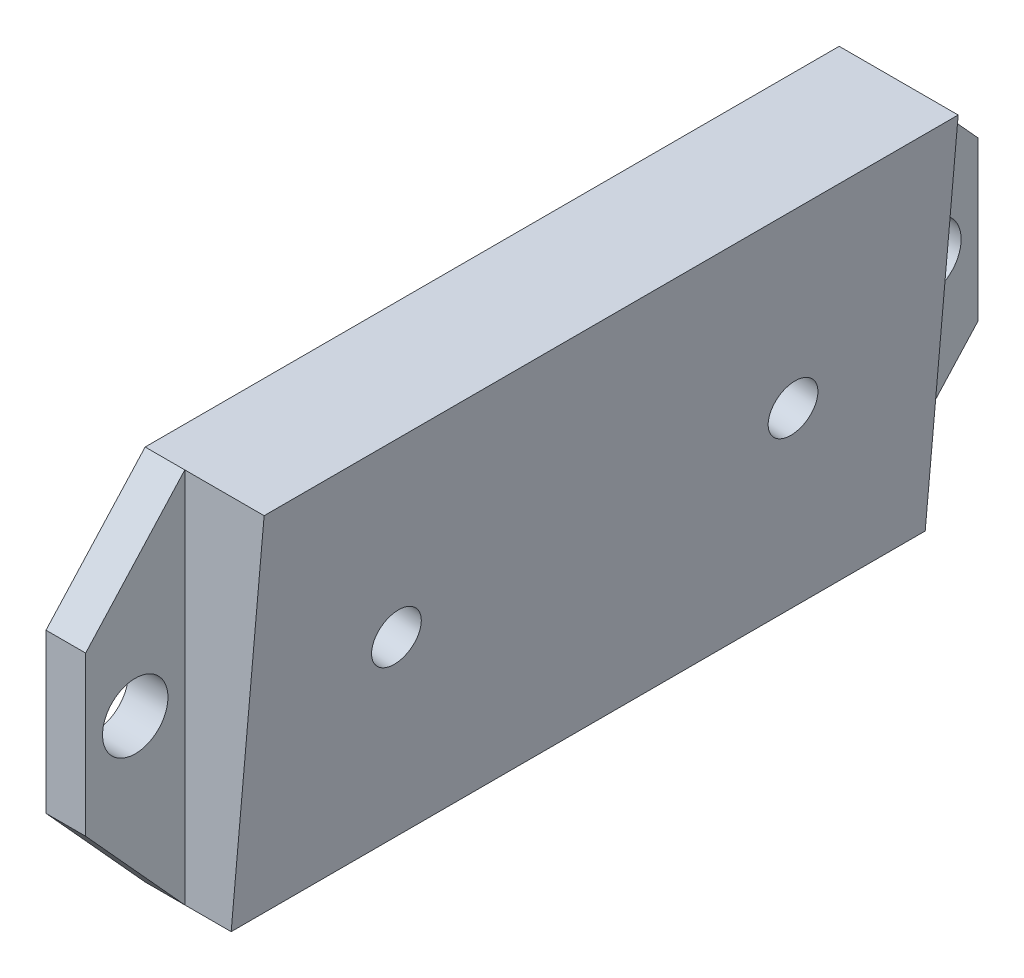
ISO-10303-21;
HEADER;
FILE_DESCRIPTION(('STEP AP214'),'2;1');
FILE_NAME('part.step','',(''),(''),'','','');
FILE_SCHEMA(('AUTOMOTIVE_DESIGN { 1 0 10303 214 1 1 1 1 }'));
ENDSEC;
DATA;
#1=APPLICATION_CONTEXT('core data for automotive mechanical design processes');
#2=APPLICATION_PROTOCOL_DEFINITION('international standard','automotive_design',2000,#1);
#3=PRODUCT_CONTEXT('',#1,'mechanical');
#4=PRODUCT('Part','Part','',(#3));
#5=PRODUCT_RELATED_PRODUCT_CATEGORY('part','',(#4));
#6=PRODUCT_DEFINITION_FORMATION('','',#4);
#7=PRODUCT_DEFINITION_CONTEXT('part definition',#1,'design');
#8=PRODUCT_DEFINITION('design','',#6,#7);
#9=PRODUCT_DEFINITION_SHAPE('','',#8);
#10=(LENGTH_UNIT() NAMED_UNIT(*) SI_UNIT(.MILLI.,.METRE.));
#11=(NAMED_UNIT(*) PLANE_ANGLE_UNIT() SI_UNIT($,.RADIAN.));
#12=(NAMED_UNIT(*) SI_UNIT($,.STERADIAN.) SOLID_ANGLE_UNIT());
#13=UNCERTAINTY_MEASURE_WITH_UNIT(LENGTH_MEASURE(1.E-05),#10,'distance_accuracy_value','');
#14=(GEOMETRIC_REPRESENTATION_CONTEXT(3) GLOBAL_UNCERTAINTY_ASSIGNED_CONTEXT((#13)) GLOBAL_UNIT_ASSIGNED_CONTEXT((#10,
#11,#12)) REPRESENTATION_CONTEXT('',''));
#15=CARTESIAN_POINT('',(0.,0.,0.));
#16=DIRECTION('',(0.,0.,1.));
#17=DIRECTION('',(1.,0.,0.));
#18=AXIS2_PLACEMENT_3D('',#15,#16,#17);
#19=CARTESIAN_POINT('',(8.67543078601516,-4.,-80.));
#20=DIRECTION('',(-0.996194698091746,0.0871557427476512,0.));
#21=DIRECTION('',(-0.0871557427476512,-0.996194698091746,0.));
#22=AXIS2_PLACEMENT_3D('',#19,#20,#21);
#23=PLANE('',#22);
#24=CARTESIAN_POINT('',(10.3440408877946,15.0723007362568,-15.));
#25=DIRECTION('',(0.996194698091746,-0.0871557427476512,0.));
#26=DIRECTION('',(0.0871557427476512,0.996194698091746,0.));
#27=AXIS2_PLACEMENT_3D('',#24,#25,#26);
#28=CIRCLE('',#27,2.49999999999999);
#29=CARTESIAN_POINT('',(10.5619302446638,17.5627874814862,-15.));
#30=VERTEX_POINT('',#29);
#31=EDGE_CURVE('E154',#30,#30,#28,.T.);
#32=ORIENTED_EDGE('',*,*,#31,.F.);
#33=EDGE_LOOP('',(#32));
#34=FACE_BOUND('',#33,.T.);
#35=DIRECTION('',(0.,0.,1.));
#36=VECTOR('',#35,1.);
#37=CARTESIAN_POINT('',(12.,34.,0.));
#38=LINE('',#37,#36);
#39=CARTESIAN_POINT('',(12.,34.,-70.));
#40=VERTEX_POINT('',#39);
#41=CARTESIAN_POINT('',(12.,34.,0.));
#42=VERTEX_POINT('',#41);
#43=EDGE_CURVE('E248',#40,#42,#38,.T.);
#44=ORIENTED_EDGE('',*,*,#43,.T.);
#45=DIRECTION('',(-0.0871557427476512,-0.996194698091746,0.));
#46=VECTOR('',#45,1.);
#47=CARTESIAN_POINT('',(8.67543078601516,-4.,0.));
#48=LINE('',#47,#46);
#49=CARTESIAN_POINT('',(8.67543078601516,-4.,0.));
#50=VERTEX_POINT('',#49);
#51=EDGE_CURVE('E169',#42,#50,#48,.T.);
#52=ORIENTED_EDGE('',*,*,#51,.T.);
#53=DIRECTION('',(0.,0.,1.));
#54=VECTOR('',#53,1.);
#55=CARTESIAN_POINT('',(8.67543078601516,-4.,-80.));
#56=LINE('',#55,#54);
#57=CARTESIAN_POINT('',(8.67543078601516,-4.,-70.));
#58=VERTEX_POINT('',#57);
#59=EDGE_CURVE('E172',#58,#50,#56,.T.);
#60=ORIENTED_EDGE('',*,*,#59,.F.);
#61=DIRECTION('',(-0.0871557427476512,-0.996194698091746,0.));
#62=VECTOR('',#61,1.);
#63=CARTESIAN_POINT('',(11.9392310120488,33.3054072893323,-70.));
#64=LINE('',#63,#62);
#65=EDGE_CURVE('E176',#40,#58,#64,.T.);
#66=ORIENTED_EDGE('',*,*,#65,.F.);
#67=EDGE_LOOP('',(#44,#52,#60,#66));
#68=FACE_BOUND('',#67,.T.);
#69=CARTESIAN_POINT('',(10.3440408877946,15.0723007362568,-55.));
#70=DIRECTION('',(0.996194698091746,-0.0871557427476512,0.));
#71=DIRECTION('',(0.0871557427476512,0.996194698091746,0.));
#72=AXIS2_PLACEMENT_3D('',#69,#70,#71);
#73=CIRCLE('',#72,2.49999999999999);
#74=CARTESIAN_POINT('',(10.5619302446638,17.5627874814862,-55.));
#75=VERTEX_POINT('',#74);
#76=EDGE_CURVE('E153',#75,#75,#73,.T.);
#77=ORIENTED_EDGE('',*,*,#76,.F.);
#78=EDGE_LOOP('',(#77));
#79=FACE_BOUND('',#78,.T.);
#80=ADVANCED_FACE('F39',(#34,#68,#79),#23,.F.);
#81=CARTESIAN_POINT('',(12.,7.,10.));
#82=DIRECTION('',(0.,0.672672793996312,-0.739940073395944));
#83=DIRECTION('',(0.,0.739940073395944,0.672672793996312));
#84=AXIS2_PLACEMENT_3D('',#81,#82,#83);
#85=PLANE('',#84);
#86=DIRECTION('',(0.,-0.739940073395944,-0.672672793996312));
#87=VECTOR('',#86,1.);
#88=CARTESIAN_POINT('',(4.,7.,10.));
#89=LINE('',#88,#87);
#90=CARTESIAN_POINT('',(4.,7.,10.));
#91=VERTEX_POINT('',#90);
#92=CARTESIAN_POINT('',(4.,-4.,0.));
#93=VERTEX_POINT('',#92);
#94=EDGE_CURVE('E188',#91,#93,#89,.T.);
#95=ORIENTED_EDGE('',*,*,#94,.F.);
#96=DIRECTION('',(-1.,0.,0.));
#97=VECTOR('',#96,1.);
#98=CARTESIAN_POINT('',(12.,7.,10.));
#99=LINE('',#98,#97);
#100=CARTESIAN_POINT('',(0.,7.,10.));
#101=VERTEX_POINT('',#100);
#102=EDGE_CURVE('E251',#91,#101,#99,.T.);
#103=ORIENTED_EDGE('',*,*,#102,.T.);
#104=DIRECTION('',(0.,-0.739940073395944,-0.672672793996312));
#105=VECTOR('',#104,1.);
#106=CARTESIAN_POINT('',(0.,7.,10.));
#107=LINE('',#106,#105);
#108=CARTESIAN_POINT('',(0.,-4.,0.));
#109=VERTEX_POINT('',#108);
#110=EDGE_CURVE('E247',#101,#109,#107,.T.);
#111=ORIENTED_EDGE('',*,*,#110,.T.);
#112=DIRECTION('',(-1.,0.,0.));
#113=VECTOR('',#112,1.);
#114=CARTESIAN_POINT('',(12.,-4.,0.));
#115=LINE('',#114,#113);
#116=EDGE_CURVE('E48',#93,#109,#115,.T.);
#117=ORIENTED_EDGE('',*,*,#116,.F.);
#118=EDGE_LOOP('',(#95,#103,#111,#117));
#119=FACE_BOUND('',#118,.T.);
#120=ADVANCED_FACE('F41',(#119),#85,.F.);
#121=CARTESIAN_POINT('',(12.,7.,-80.));
#122=DIRECTION('',(0.,0.672672793996311,0.739940073395945));
#123=DIRECTION('',(0.,-0.739940073395945,0.672672793996311));
#124=AXIS2_PLACEMENT_3D('',#121,#122,#123);
#125=PLANE('',#124);
#126=DIRECTION('',(0.,0.739940073395945,-0.672672793996311));
#127=VECTOR('',#126,1.);
#128=CARTESIAN_POINT('',(4.,7.,-80.));
#129=LINE('',#128,#127);
#130=CARTESIAN_POINT('',(4.,-4.,-70.));
#131=VERTEX_POINT('',#130);
#132=CARTESIAN_POINT('',(4.,7.,-80.));
#133=VERTEX_POINT('',#132);
#134=EDGE_CURVE('E180',#131,#133,#129,.T.);
#135=ORIENTED_EDGE('',*,*,#134,.F.);
#136=DIRECTION('',(-1.,0.,0.));
#137=VECTOR('',#136,1.);
#138=CARTESIAN_POINT('',(12.,-4.00000000000002,-70.));
#139=LINE('',#138,#137);
#140=CARTESIAN_POINT('',(0.,-4.00000000000002,-70.));
#141=VERTEX_POINT('',#140);
#142=EDGE_CURVE('E302',#131,#141,#139,.T.);
#143=ORIENTED_EDGE('',*,*,#142,.T.);
#144=DIRECTION('',(0.,0.739940073395945,-0.672672793996311));
#145=VECTOR('',#144,1.);
#146=CARTESIAN_POINT('',(0.,7.,-80.));
#147=LINE('',#146,#145);
#148=CARTESIAN_POINT('',(0.,7.,-80.));
#149=VERTEX_POINT('',#148);
#150=EDGE_CURVE('E260',#141,#149,#147,.T.);
#151=ORIENTED_EDGE('',*,*,#150,.T.);
#152=DIRECTION('',(-1.,0.,0.));
#153=VECTOR('',#152,1.);
#154=CARTESIAN_POINT('',(12.,7.,-80.));
#155=LINE('',#154,#153);
#156=EDGE_CURVE('E300',#133,#149,#155,.T.);
#157=ORIENTED_EDGE('',*,*,#156,.F.);
#158=EDGE_LOOP('',(#135,#143,#151,#157));
#159=FACE_BOUND('',#158,.T.);
#160=ADVANCED_FACE('F313',(#159),#125,.F.);
#161=CARTESIAN_POINT('',(12.,7.,-80.));
#162=DIRECTION('',(0.,0.,1.));
#163=DIRECTION('',(1.,0.,0.));
#164=AXIS2_PLACEMENT_3D('',#161,#162,#163);
#165=PLANE('',#164);
#166=DIRECTION('',(0.,1.,0.));
#167=VECTOR('',#166,1.);
#168=CARTESIAN_POINT('',(4.,23.,-80.));
#169=LINE('',#168,#167);
#170=CARTESIAN_POINT('',(4.,23.,-80.));
#171=VERTEX_POINT('',#170);
#172=EDGE_CURVE('E198',#133,#171,#169,.T.);
#173=ORIENTED_EDGE('',*,*,#172,.F.);
#174=ORIENTED_EDGE('',*,*,#156,.T.);
#175=DIRECTION('',(0.,1.,0.));
#176=VECTOR('',#175,1.);
#177=CARTESIAN_POINT('',(0.,7.,-80.));
#178=LINE('',#177,#176);
#179=CARTESIAN_POINT('',(0.,23.,-80.));
#180=VERTEX_POINT('',#179);
#181=EDGE_CURVE('E264',#149,#180,#178,.T.);
#182=ORIENTED_EDGE('',*,*,#181,.T.);
#183=DIRECTION('',(-1.,0.,0.));
#184=VECTOR('',#183,1.);
#185=CARTESIAN_POINT('',(12.,23.,-80.));
#186=LINE('',#185,#184);
#187=EDGE_CURVE('E297',#171,#180,#186,.T.);
#188=ORIENTED_EDGE('',*,*,#187,.F.);
#189=EDGE_LOOP('',(#173,#174,#182,#188));
#190=FACE_BOUND('',#189,.T.);
#191=ADVANCED_FACE('F329',(#190),#165,.F.);
#192=CARTESIAN_POINT('',(12.,23.,-80.));
#193=DIRECTION('',(0.,-0.672672793996311,0.739940073395945));
#194=DIRECTION('',(0.,-0.739940073395945,-0.672672793996311));
#195=AXIS2_PLACEMENT_3D('',#192,#193,#194);
#196=PLANE('',#195);
#197=DIRECTION('',(0.,0.739940073395945,0.672672793996311));
#198=VECTOR('',#197,1.);
#199=CARTESIAN_POINT('',(4.,34.,-70.));
#200=LINE('',#199,#198);
#201=CARTESIAN_POINT('',(4.,34.,-70.));
#202=VERTEX_POINT('',#201);
#203=EDGE_CURVE('E201',#171,#202,#200,.T.);
#204=ORIENTED_EDGE('',*,*,#203,.F.);
#205=ORIENTED_EDGE('',*,*,#187,.T.);
#206=DIRECTION('',(0.,0.739940073395945,0.672672793996311));
#207=VECTOR('',#206,1.);
#208=CARTESIAN_POINT('',(0.,23.,-80.));
#209=LINE('',#208,#207);
#210=CARTESIAN_POINT('',(0.,34.,-70.));
#211=VERTEX_POINT('',#210);
#212=EDGE_CURVE('E268',#180,#211,#209,.T.);
#213=ORIENTED_EDGE('',*,*,#212,.T.);
#214=DIRECTION('',(-1.,0.,0.));
#215=VECTOR('',#214,1.);
#216=CARTESIAN_POINT('',(12.,34.,-70.));
#217=LINE('',#216,#215);
#218=EDGE_CURVE('E292',#202,#211,#217,.T.);
#219=ORIENTED_EDGE('',*,*,#218,.F.);
#220=EDGE_LOOP('',(#204,#205,#213,#219));
#221=FACE_BOUND('',#220,.T.);
#222=ADVANCED_FACE('F335',(#221),#196,.F.);
#223=CARTESIAN_POINT('',(12.,23.,10.));
#224=DIRECTION('',(0.,-0.672672793996312,-0.739940073395944));
#225=DIRECTION('',(0.,0.739940073395944,-0.672672793996312));
#226=AXIS2_PLACEMENT_3D('',#223,#224,#225);
#227=PLANE('',#226);
#228=DIRECTION('',(0.,-0.739940073395944,0.672672793996312));
#229=VECTOR('',#228,1.);
#230=CARTESIAN_POINT('',(4.,34.,0.));
#231=LINE('',#230,#229);
#232=CARTESIAN_POINT('',(4.,34.,0.));
#233=VERTEX_POINT('',#232);
#234=CARTESIAN_POINT('',(4.,23.,10.));
#235=VERTEX_POINT('',#234);
#236=EDGE_CURVE('E181',#233,#235,#231,.T.);
#237=ORIENTED_EDGE('',*,*,#236,.F.);
#238=DIRECTION('',(-1.,0.,0.));
#239=VECTOR('',#238,1.);
#240=CARTESIAN_POINT('',(12.,34.,0.));
#241=LINE('',#240,#239);
#242=CARTESIAN_POINT('',(0.,34.,0.));
#243=VERTEX_POINT('',#242);
#244=EDGE_CURVE('E288',#233,#243,#241,.T.);
#245=ORIENTED_EDGE('',*,*,#244,.T.);
#246=DIRECTION('',(0.,-0.739940073395944,0.672672793996312));
#247=VECTOR('',#246,1.);
#248=CARTESIAN_POINT('',(0.,23.,10.));
#249=LINE('',#248,#247);
#250=CARTESIAN_POINT('',(0.,23.,10.));
#251=VERTEX_POINT('',#250);
#252=EDGE_CURVE('E276',#243,#251,#249,.T.);
#253=ORIENTED_EDGE('',*,*,#252,.T.);
#254=DIRECTION('',(-1.,0.,0.));
#255=VECTOR('',#254,1.);
#256=CARTESIAN_POINT('',(12.,23.,10.));
#257=LINE('',#256,#255);
#258=EDGE_CURVE('E285',#235,#251,#257,.T.);
#259=ORIENTED_EDGE('',*,*,#258,.F.);
#260=EDGE_LOOP('',(#237,#245,#253,#259));
#261=FACE_BOUND('',#260,.T.);
#262=ADVANCED_FACE('F361',(#261),#227,.F.);
#263=CARTESIAN_POINT('',(12.,7.,10.));
#264=DIRECTION('',(0.,0.,-1.));
#265=DIRECTION('',(-1.,0.,0.));
#266=AXIS2_PLACEMENT_3D('',#263,#264,#265);
#267=PLANE('',#266);
#268=DIRECTION('',(0.,-1.,0.));
#269=VECTOR('',#268,1.);
#270=CARTESIAN_POINT('',(4.,23.,10.));
#271=LINE('',#270,#269);
#272=EDGE_CURVE('E184',#235,#91,#271,.T.);
#273=ORIENTED_EDGE('',*,*,#272,.F.);
#274=ORIENTED_EDGE('',*,*,#258,.T.);
#275=DIRECTION('',(0.,-1.,0.));
#276=VECTOR('',#275,1.);
#277=CARTESIAN_POINT('',(0.,7.,10.));
#278=LINE('',#277,#276);
#279=EDGE_CURVE('E252',#251,#101,#278,.T.);
#280=ORIENTED_EDGE('',*,*,#279,.T.);
#281=ORIENTED_EDGE('',*,*,#102,.F.);
#282=EDGE_LOOP('',(#273,#274,#280,#281));
#283=FACE_BOUND('',#282,.T.);
#284=ADVANCED_FACE('F358',(#283),#267,.F.);
#285=CARTESIAN_POINT('',(12.,-4.,0.));
#286=DIRECTION('',(0.,1.,0.));
#287=DIRECTION('',(0.,0.,1.));
#288=AXIS2_PLACEMENT_3D('',#285,#286,#287);
#289=PLANE('',#288);
#290=EDGE_CURVE('E303',#58,#131,#139,.T.);
#291=ORIENTED_EDGE('',*,*,#290,.F.);
#292=ORIENTED_EDGE('',*,*,#59,.T.);
#293=EDGE_CURVE('E11',#50,#93,#115,.T.);
#294=ORIENTED_EDGE('',*,*,#293,.T.);
#295=ORIENTED_EDGE('',*,*,#116,.T.);
#296=DIRECTION('',(0.,0.,-1.));
#297=VECTOR('',#296,1.);
#298=CARTESIAN_POINT('',(0.,-4.,0.));
#299=LINE('',#298,#297);
#300=EDGE_CURVE('E256',#109,#141,#299,.T.);
#301=ORIENTED_EDGE('',*,*,#300,.T.);
#302=ORIENTED_EDGE('',*,*,#142,.F.);
#303=EDGE_LOOP('',(#291,#292,#294,#295,#301,#302));
#304=FACE_BOUND('',#303,.T.);
#305=ADVANCED_FACE('F319',(#304),#289,.F.);
#306=CARTESIAN_POINT('',(12.,34.,0.));
#307=DIRECTION('',(0.,-1.,0.));
#308=DIRECTION('',(0.,0.,-1.));
#309=AXIS2_PLACEMENT_3D('',#306,#307,#308);
#310=PLANE('',#309);
#311=DIRECTION('',(0.,0.,1.));
#312=VECTOR('',#311,1.);
#313=CARTESIAN_POINT('',(0.,34.,0.));
#314=LINE('',#313,#312);
#315=EDGE_CURVE('E272',#211,#243,#314,.T.);
#316=ORIENTED_EDGE('',*,*,#315,.T.);
#317=ORIENTED_EDGE('',*,*,#244,.F.);
#318=EDGE_CURVE('E289',#42,#233,#241,.T.);
#319=ORIENTED_EDGE('',*,*,#318,.F.);
#320=ORIENTED_EDGE('',*,*,#43,.F.);
#321=EDGE_CURVE('E293',#40,#202,#217,.T.);
#322=ORIENTED_EDGE('',*,*,#321,.T.);
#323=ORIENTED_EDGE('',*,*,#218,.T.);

+===+

_WHAT YOU SHOULD DO_:
Print only what lies in the material above starting at the line with "#237=ORIENTED_EDGE('',*,*,#236,.F.);" and ending at the line with "#282=EDGE_LOOP('',(#273,#274,#280,#281));", every line exactly as given.

_SOLUTION FOR THIS TASK_:
#237=ORIENTED_EDGE('',*,*,#236,.F.);
#238=DIRECTION('',(-1.,0.,0.));
#239=VECTOR('',#238,1.);
#240=CARTESIAN_POINT('',(12.,34.,0.));
#241=LINE('',#240,#239);
#242=CARTESIAN_POINT('',(0.,34.,0.));
#243=VERTEX_POINT('',#242);
#244=EDGE_CURVE('E288',#233,#243,#241,.T.);
#245=ORIENTED_EDGE('',*,*,#244,.T.);
#246=DIRECTION('',(0.,-0.739940073395944,0.672672793996312));
#247=VECTOR('',#246,1.);
#248=CARTESIAN_POINT('',(0.,23.,10.));
#249=LINE('',#248,#247);
#250=CARTESIAN_POINT('',(0.,23.,10.));
#251=VERTEX_POINT('',#250);
#252=EDGE_CURVE('E276',#243,#251,#249,.T.);
#253=ORIENTED_EDGE('',*,*,#252,.T.);
#254=DIRECTION('',(-1.,0.,0.));
#255=VECTOR('',#254,1.);
#256=CARTESIAN_POINT('',(12.,23.,10.));
#257=LINE('',#256,#255);
#258=EDGE_CURVE('E285',#235,#251,#257,.T.);
#259=ORIENTED_EDGE('',*,*,#258,.F.);
#260=EDGE_LOOP('',(#237,#245,#253,#259));
#261=FACE_BOUND('',#260,.T.);
#262=ADVANCED_FACE('F361',(#261),#227,.F.);
#263=CARTESIAN_POINT('',(12.,7.,10.));
#264=DIRECTION('',(0.,0.,-1.));
#265=DIRECTION('',(-1.,0.,0.));
#266=AXIS2_PLACEMENT_3D('',#263,#264,#265);
#267=PLANE('',#266);
#268=DIRECTION('',(0.,-1.,0.));
#269=VECTOR('',#268,1.);
#270=CARTESIAN_POINT('',(4.,23.,10.));
#271=LINE('',#270,#269);
#272=EDGE_CURVE('E184',#235,#91,#271,.T.);
#273=ORIENTED_EDGE('',*,*,#272,.F.);
#274=ORIENTED_EDGE('',*,*,#258,.T.);
#275=DIRECTION('',(0.,-1.,0.));
#276=VECTOR('',#275,1.);
#277=CARTESIAN_POINT('',(0.,7.,10.));
#278=LINE('',#277,#276);
#279=EDGE_CURVE('E252',#251,#101,#278,.T.);
#280=ORIENTED_EDGE('',*,*,#279,.T.);
#281=ORIENTED_EDGE('',*,*,#102,.F.);
#282=EDGE_LOOP('',(#273,#274,#280,#281));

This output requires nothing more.